__WORK INSTRUCTION__: Print nothing but the lines below starting at the line that holds "- moved C32" and ending at the line that holds "- removed net N$42: U2.10, U4.14", including both, each exactly as written.

Records excerpted from a collection:
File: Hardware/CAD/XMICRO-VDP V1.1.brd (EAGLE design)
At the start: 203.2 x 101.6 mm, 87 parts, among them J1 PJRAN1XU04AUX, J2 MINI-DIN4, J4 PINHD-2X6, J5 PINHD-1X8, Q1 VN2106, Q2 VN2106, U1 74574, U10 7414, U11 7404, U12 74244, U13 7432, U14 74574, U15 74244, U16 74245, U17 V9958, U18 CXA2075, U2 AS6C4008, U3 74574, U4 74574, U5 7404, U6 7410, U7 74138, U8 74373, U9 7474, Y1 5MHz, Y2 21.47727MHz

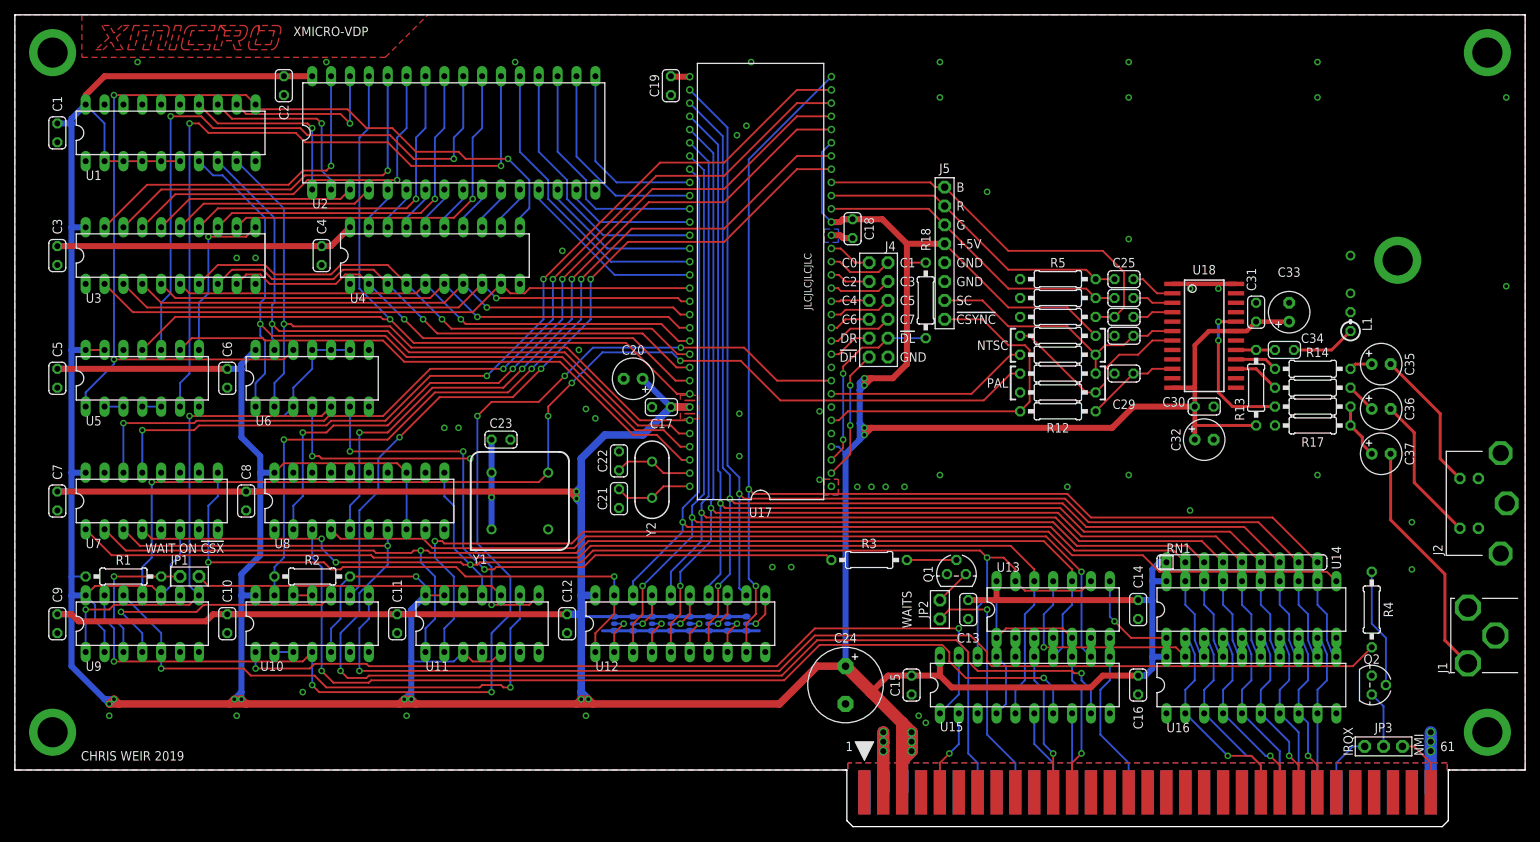
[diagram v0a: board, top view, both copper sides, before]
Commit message: Updated to XMICRO-VDP V1.1. Replaced VRAM with dynamic RAM, various other minor tweaks.
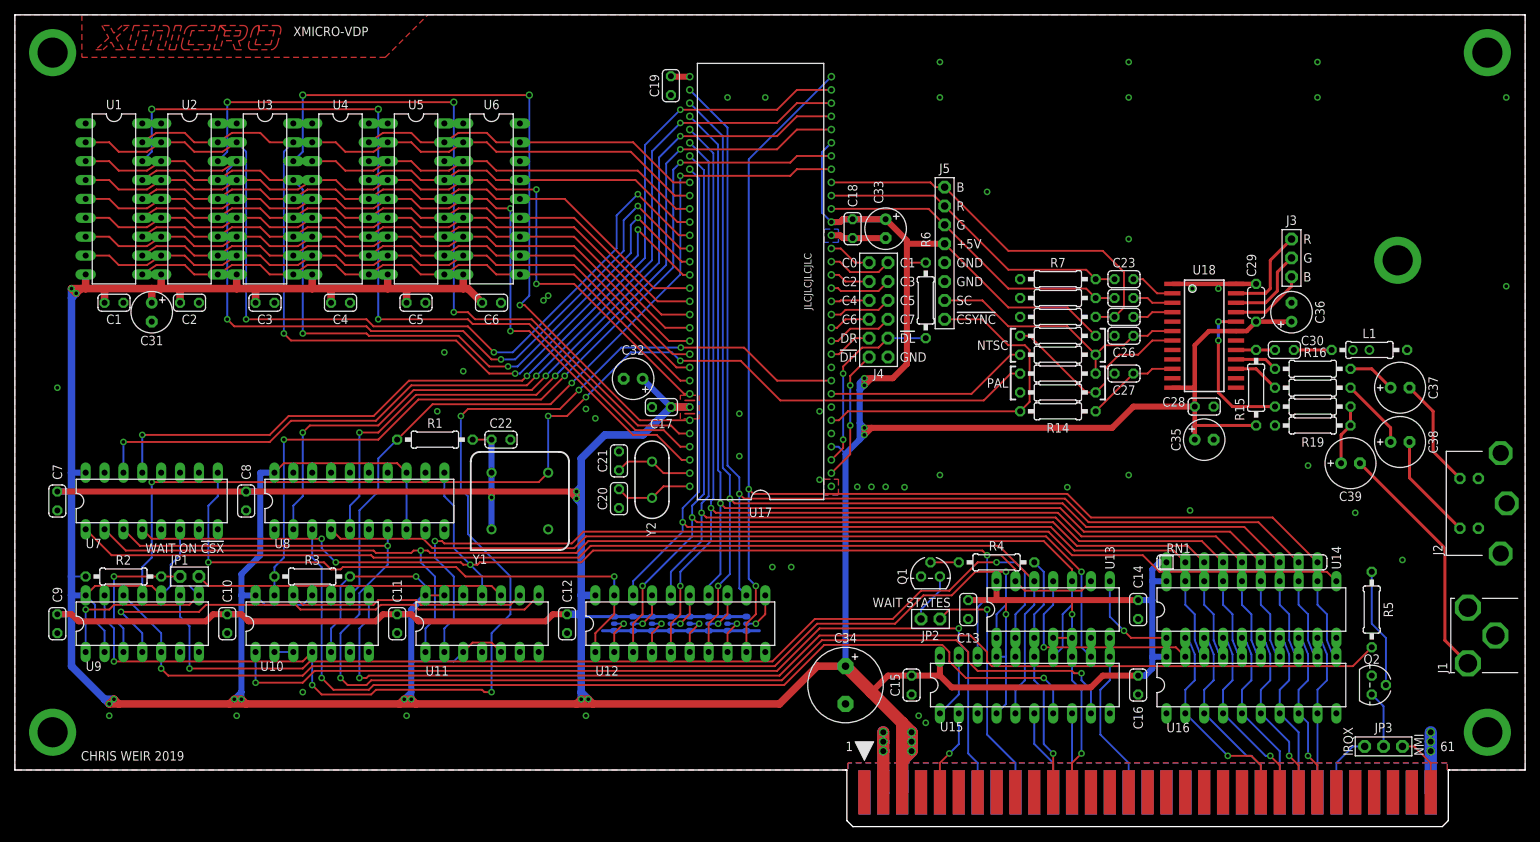
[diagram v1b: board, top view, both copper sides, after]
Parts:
- added C38, C39: 220uF, rcl:E2,5-7
- added J3: PINHD1X3, Custom:1X03
- added R19: 240, rcl:0207/10
- C20: value 47uF -> 22pF; device rcl:E2,5-6 -> Custom:C100
- C22: value 22pF -> 0.1uF
- C24: value 220uF -> 0.1uF; device Custom:C-10-5 -> Custom:C100
- C26: value 0.1uF -> 5pF
- C27: value 0.1uF -> 47pF
- C28: value 5pF -> 10nF
- C29: value 47pF -> 10nF; device Custom:C100 -> rcl:C050-024X044
- C30: value 10nF -> 28pF
- C31: value 10nF -> 47uF; device Custom:C100 -> rcl:E2,5-6
- C34: value 28pF -> 470uF; device Custom:C100 -> Custom:C-10-5
- C35, C36: value 220uF -> 47uF
- C37: device rcl:E2,5-6 -> rcl:E2,5-7
- L1: device rcl:0204V -> rcl:0207/10
- R1, RN1: value 10k -> 3.3k
- R10: value 2.2k -> 0
- R11: value 0 -> 2.2k
- R13: value 3.32k/1% -> 0
- R14: value 75 -> 2.2k
- R15: value 75 -> 3.32k/1%
- R16: value 43 -> 75
- R17: value 240 -> 75
- R18: value 3.3k -> 43
- R2: value 3.3k -> 10k
- R3: value 0 -> 3.3k
- R5: value 470 -> 0
- R6: value 470 -> 3.3k
- R8: value 0 -> 470
- R9: value 2.2k -> 470
- U1, U3, U4: value 74574 -> 41464; device 74xx-us:DIL20 -> Custom:DIL18
- U2: value AS6C4008 -> 41464; device Custom:DIL32-6 -> Custom:DIL18
- U5: value 7404 -> 41464; device 74xx-us:DIL14 -> Custom:DIL18
- U6: value 7410 -> 41464; device 74xx-us:DIL14 -> Custom:DIL18
- moved C31 148.6 mm to (18.4, 61.6), turned to 270 degrees
- moved C23 86.6 mm to (149.2, 66.0)
- moved C32 77.3 mm to (83.2, 52.6), turned to 180 degrees
- moved R3 75.0 mm to (40.0, 26.0)
- moved C34 74.3 mm to (111.8, 11.4), turned to 270 degrees
- moved C24 64.1 mm to (149.2, 63.5), turned to 0 degrees
- moved R5 61.3 mm to (182.6, 21.6), turned to 90 degrees
- moved C33 55.4 mm to (117.2, 72.8), turned to 270 degrees
- moved R18 54.0 mm to (174.6, 48.9), turned to 0 degrees
- moved R4 50.9 mm to (132.1, 27.9), turned to 180 degrees
- moved C5 49.3 mm to (54.0, 62.9), turned to 0 degrees
- moved R1 45.8 mm to (56.5, 44.5), turned to 0 degrees
- moved U5 44.0 mm to (54.0, 76.8), turned to 270 degrees
- moved C6 37.0 mm to (64.1, 62.9), turned to 0 degrees
- moved U2 36.7 mm to (23.5, 76.8), turned to 270 degrees
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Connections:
- removed net N$31: U3.11, U5.8
- removed net N$32: U2.12, U4.12
- removed net N$41: U2.11, U4.13
- removed net N$42: U2.10, U4.14
- removed net N$43: U2.9, U4.15
- removed net N$44: U2.8, U4.16
- removed net N$45: U2.7, U4.17
- removed net N$46: U2.6, U4.18
- removed net N$47: U2.5, U4.19
- removed net N$48: U1.11, U4.11, U5.1, U6.12
- removed net N$49: U2.24, U5.10
- removed net N$50: U2.22, U5.6
- removed net N$57: U2.23, U3.12
- removed net N$58: U2.25, U3.13
- removed net N$59: U2.26, U3.14
- removed net N$60: U2.4, U3.15
- removed net N$61: U2.3, U3.16
- removed net N$62: U2.27, U3.17
- removed net N$63: U2.28, U3.18
- removed net N$64: U2.31, U3.19
- removed net N$65: U1.13, U2.2
- removed net N$66: U1.12, U2.30
- removed net N$67: U1.14, U2.1
- removed net N$76: U5.2, U5.3
- removed net N$78: U11.8, U6.4
- removed net N$80: U5.4, U5.5
- new net N$1: U13.2, U9.9
- new net N$2: J3.3, U18.21
- new net N$6: J3.2, U18.22
- new net N$7: J3.1, U18.23
- net !CSYNC: now also R14.1; no longer R12.1
- net !DLCLK: now also R6.1; no longer R18.1
- net !VCAS0: now also U1.16, U4.16; no longer U1.7, U6.1
- net !VCAS1: now also U2.16, U5.16; no longer U1.8, U6.13
- net !VCAS2: now also U3.16, U6.16; no longer U1.9, U6.2
- net !VINT: now also R1.1
- net !VRAS: now also U1.5, U2.5, U3.5, U4.5, U5.5, U6.5; no longer U5.9
- net !VWAIT: now also R3.1; no longer R2.1
- net B: now also C25.P$1, R9.2; no longer C27.P$1, R7.2
- net G: now also C24.P$1, R8.2; no longer C26.P$1, R6.2
- net GND: now also C20.P$2, C26.P$2, C27.P$2, C29.2, C31.-, C34.-, C35.-, C36.-, R13.2, R19.1, R8.1, R9.1, U1.18, U2.1, U2.18, U3.18, U4.18, U5.1, U5.18, U6.1, U6.18; no longer C20.-, C23.P$2, C24.-, C29.P$2, C30.P$2, C31.P$2, R11.2, R17.1, R5.1, R6.1, U1.10, U2.16, U3.10, U4.10, U5.7, U6.7
- net N$11: now also R5.1; no longer R4.1
- net N$12: now also R17.1; no longer R15.1
- net N$13: now also R16.1; no longer R14.1
- net N$14: now also R18.1; no longer R16.1
- net N$15: now also C39.+, R18.2, R19.2; no longer C37.+, R16.2, R17.2
- net N$16: now also C37.+, R16.2; no longer C35.+, R14.2
- net N$17: now also C38.+, R17.2; no longer C36.+, R15.2
- net N$19: now also U11.8; no longer U10.10
- net N$20: now also U11.9; no longer U10.11
- net N$21: now also C30.P$2; no longer C34.P$2
- net N$22: now also C27.P$1, R14.2; no longer C29.P$1, R12.2
- net N$26: now also R10.1, R13.1; no longer R11.1, R8.1
- net N$28: now also C21.P$1; no longer C22.P$1
- net N$29: now also C38.-; no longer C36.-
- net N$3: now also C23.P$2; no longer C25.P$2
- net N$30: now also C20.P$1; no longer C21.P$1
- net N$4: now also C24.P$2; no longer C26.P$2
- net N$5: now also C25.P$2; no longer C27.P$2
- net N$51: now also R4.2; no longer R3.2
- net N$53: now also C39.-; no longer C37.-
- net N$71: now also C30.P$1, R15.2; no longer C34.P$1, R13.2
- net N$73: now also R4.1, U13.3; no longer R3.1, U6.6
- net N$77: now also U13.1; no longer U11.9
- net N$79: no longer U6.5
- net N$81: now also C37.-; no longer C35.-
- net N$83: now also R2.1; no longer R1.1
- net N$9: now also R5.2; no longer R4.2
- net NTSC_SC: now also R11.1; no longer R9.1
- net PAL_SC: now also R12.1; no longer R10.1
- net R: now also C23.P$1, R7.2; no longer C25.P$1, R5.2
- net SC: now also C26.P$1, R11.2, R12.2; no longer C28.P$1, R10.2, R9.2
- net VA0: now also U1.14, U2.14, U3.14, U4.14, U5.14, U6.14; no longer U3.2, U4.9
- net VA1: now also U1.13, U2.13, U3.13, U4.13, U5.13, U6.13; no longer U3.3, U4.8
- net VA2: now also U1.6, U2.6, U3.6, U4.6, U5.6, U6.6; no longer U3.4, U4.7
- net VA3: now also U1.12, U2.12, U3.12, U4.12, U5.12, U6.12; no longer U3.5, U4.6
- net VA4: now also U1.7, U2.7, U3.7, U4.7, U5.7, U6.7; no longer U3.6, U4.5
- net VA5: now also U1.11, U2.11, U3.11, U4.11, U5.11, U6.11; no longer U3.7, U4.4
- net VA6: now also U1.8, U2.8, U4.8, U5.8, U6.8; no longer U4.3
- net VA7: now also U1.10, U2.10, U3.10, U4.10, U5.10, U6.10; no longer U3.9, U4.2
- net VCC: now also C22.P$1, C28.P$1, C29.1, C31.+, C34.+, C35.+, C36.+, R10.2, R15.1, R3.2, R6.2, U1.9, U10.11, U2.9, U3.9, U4.9, U5.9; no longer C20.+, C23.P$1, C24.+, C30.P$1, C31.P$1, R13.1, R18.2, R8.2, U1.2, U1.20, U1.3, U1.4, U1.5, U1.6, U13.1, U13.2, U2.32, U3.20, U4.20, U5.13, U5.14, U6.10, U6.11, U6.14, U6.3
- net VD0: now also U4.17, U5.17, U6.17; no longer U2.17
- net VD1: now also U4.2, U5.2, U6.2; no longer U2.18
- net VD2: now also U4.3, U5.3, U6.3; no longer U2.19
- net VD3: now also U4.15, U5.15, U6.15; no longer U2.15
- net VD4: now also U1.2, U2.2, U3.2; no longer U2.20
- net VD5: now also U1.3, U2.3, U3.3; no longer U2.14
- net VD6: now also U1.15, U2.15, U3.15; no longer U2.21
- net VD7: now also U1.17, U2.17, U3.17; no longer U2.13
- net VR/!W: now also U1.4, U2.4, U3.4, U4.4, U5.4, U6.4; no longer U2.29, U5.11
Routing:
- net N$1: track 0.00 -> 138.6 mm, vias 0 -> 2
- net N$48: track 135.6 -> 0.00 mm, vias 3 -> 0
- net VCC: track 1157.5 -> 1055.8 mm, vias 19 -> 23
- net VD5: track 21.8 -> 121.7 mm, vias 0 -> 3
- net N$50: track 95.0 -> 0.00 mm, vias 2 -> 0
- net VD7: track 25.8 -> 117.8 mm, vias 0 -> 3
- net VD4: track 36.6 -> 121.7 mm, vias 0 -> 3
- net N$49: track 84.1 -> 0.00 mm, vias 2 -> 0
- net N$73: track 86.1 -> 11.2 mm, vias 3 -> 0
- net VD6: track 40.6 -> 110.2 mm, vias 0 -> 3
- net N$77: track 73.2 -> 141.2 mm
- net N$78: track 55.8 -> 0.00 mm, vias 3 -> 0
- net N$62: track 51.4 -> 0.00 mm, vias 1 -> 0
- net N$63: track 51.4 -> 0.00 mm, vias 1 -> 0
- net N$57: track 50.4 -> 0.00 mm, vias 1 -> 0
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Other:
- board text added: "V1.1 1949"
- board text added: "WAIT STATES"
- board text removed: "V1 1946"
- board text removed: "WAITS"

__RESULT FOR THIS TASK__:
- moved C32 77.3 mm to (83.2, 52.6), turned to 180 degrees
- moved R3 75.0 mm to (40.0, 26.0)
- moved C34 74.3 mm to (111.8, 11.4), turned to 270 degrees
- moved C24 64.1 mm to (149.2, 63.5), turned to 0 degrees
- moved R5 61.3 mm to (182.6, 21.6), turned to 90 degrees
- moved C33 55.4 mm to (117.2, 72.8), turned to 270 degrees
- moved R18 54.0 mm to (174.6, 48.9), turned to 0 degrees
- moved R4 50.9 mm to (132.1, 27.9), turned to 180 degrees
- moved C5 49.3 mm to (54.0, 62.9), turned to 0 degrees
- moved R1 45.8 mm to (56.5, 44.5), turned to 0 degrees
- moved U5 44.0 mm to (54.0, 76.8), turned to 270 degrees
- moved C6 37.0 mm to (64.1, 62.9), turned to 0 degrees
- moved U2 36.7 mm to (23.5, 76.8), turned to 270 degrees
Connections:
- removed net N$31: U3.11, U5.8
- removed net N$32: U2.12, U4.12
- removed net N$41: U2.11, U4.13
- removed net N$42: U2.10, U4.14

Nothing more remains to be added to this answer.